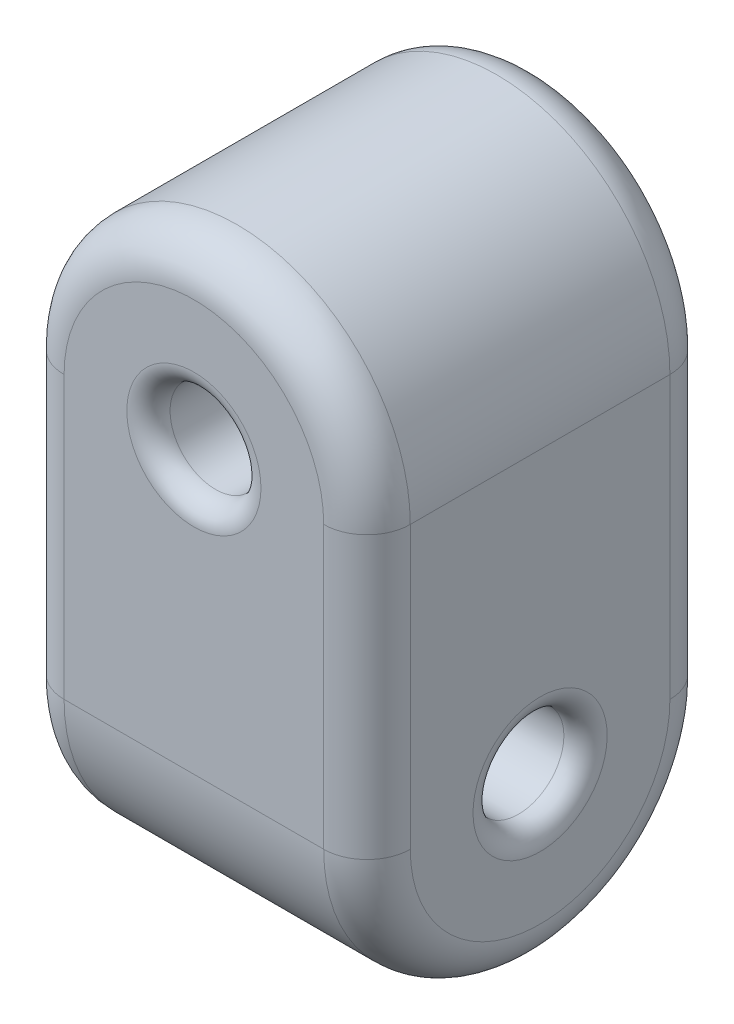
SolidWorks part; units mm, degrees
ref_plane "Front Plane" through (0, 0, 0) normal (0, 0, 1) x (1, 0, 0)
ref_plane "Top Plane" through (0, 0, 0) normal (0, 1, 0) x (1, 0, 0)
ref_plane "Right Plane" through (0, 0, 0) normal (1, 0, 0) x (0, 0, -1)
sketch "Sketch1" plane through (0, 0, 0) normal (0, 0, 1) x (1, 0, 0)
  circle A0 centre (0, 0) radius 1.05
sketch "Sketch2" plane through (0, 0, 0) normal (0, 0, 1) x (1, 0, 0)
  circle A0 centre (0, 0) radius 4
extrude "Boss-Extrude1" add sketch "Sketch2" along normal blind 8 from offset 0.8
sketch "Sketch7" plane through (0, 0, 0.8) normal (0, 0, -1) x (-1, 0, 0)
  line L0 (0, 0) -> (0, -18) construction
  dimension "D1" = 18
sketch "Sketch8" plane through (0, 0, 0) normal (1, 0, 0) x (0, 0, -1)
  circle A0 centre (-4.8, -6.5) radius 4
  dimension "D1" = 6.5
sketch "Sketch9" plane through (0, 0, 0) normal (1, 0, 0) x (0, 0, -1)
  circle A0 centre (-4.8, -6.5) radius 1.05
  dimension "D1" = 6.5
sketch "Sketch10" plane through (0, 0, 0.8) normal (0, 0, -1) x (-1, 0, 0)
  line L1 (-4, 0) -> (4, 0)
  line L2 (-4, 0) -> (-4, -6.5)
  line L3 (-4, -6.5) -> (4, -6.5)
  line L4 (4, 0) -> (4, -6.5)
  circle A0 centre (0, 0) radius 4 construction
  dimension "D1" = 6.5
extrude "Boss-Extrude2" add sketch "Sketch10" against normal blind 8 contours L4 L3 L2 L1
extrude "Boss-Extrude3" add sketch "Sketch8" against normal blind 8 from offset 4 contours A0
extrude "Cut-Extrude2" cut sketch "Sketch1" along normal blind 9.6 contours A0
extrude "Cut-Extrude3" cut sketch "Sketch9" against normal blind 9.95 from offset 4.975
fillet "Fillet1" radius 1 8 edges at (4, -3.25, 8.8) (4, -3.25, 0.8) (4, -10.5, 4.8) (-4, -3.25, 0.8) (-4, -3.25, 8.8) (-4, -10.5, 4.8) (0, 4, 8.8) (0, 4, 0.8)
fillet "Fillet2" radius 0.5 4 edges at (1.05, 0, 8.8) (1.05, 0, 0.8) (-4, -5.45, 4.8) (4, -5.45, 4.8)

☆ ☆ ☆ ☆

◆ **Task to complete**
In the listing above, find the line containing "circle A0 centre (0, 0) radius 4 construction" and the line containing "9.6 contours A0". Output them and every line between, exactly, and nothing else.

◆ **Result for this task**
  circle A0 centre (0, 0) radius 4 construction
  dimension "D1" = 6.5
extrude "Boss-Extrude2" add sketch "Sketch10" against normal blind 8 contours L4 L3 L2 L1
extrude "Boss-Extrude3" add sketch "Sketch8" against normal blind 8 from offset 4 contours A0
extrude "Cut-Extrude2" cut sketch "Sketch1" along normal blind 9.6 contours A0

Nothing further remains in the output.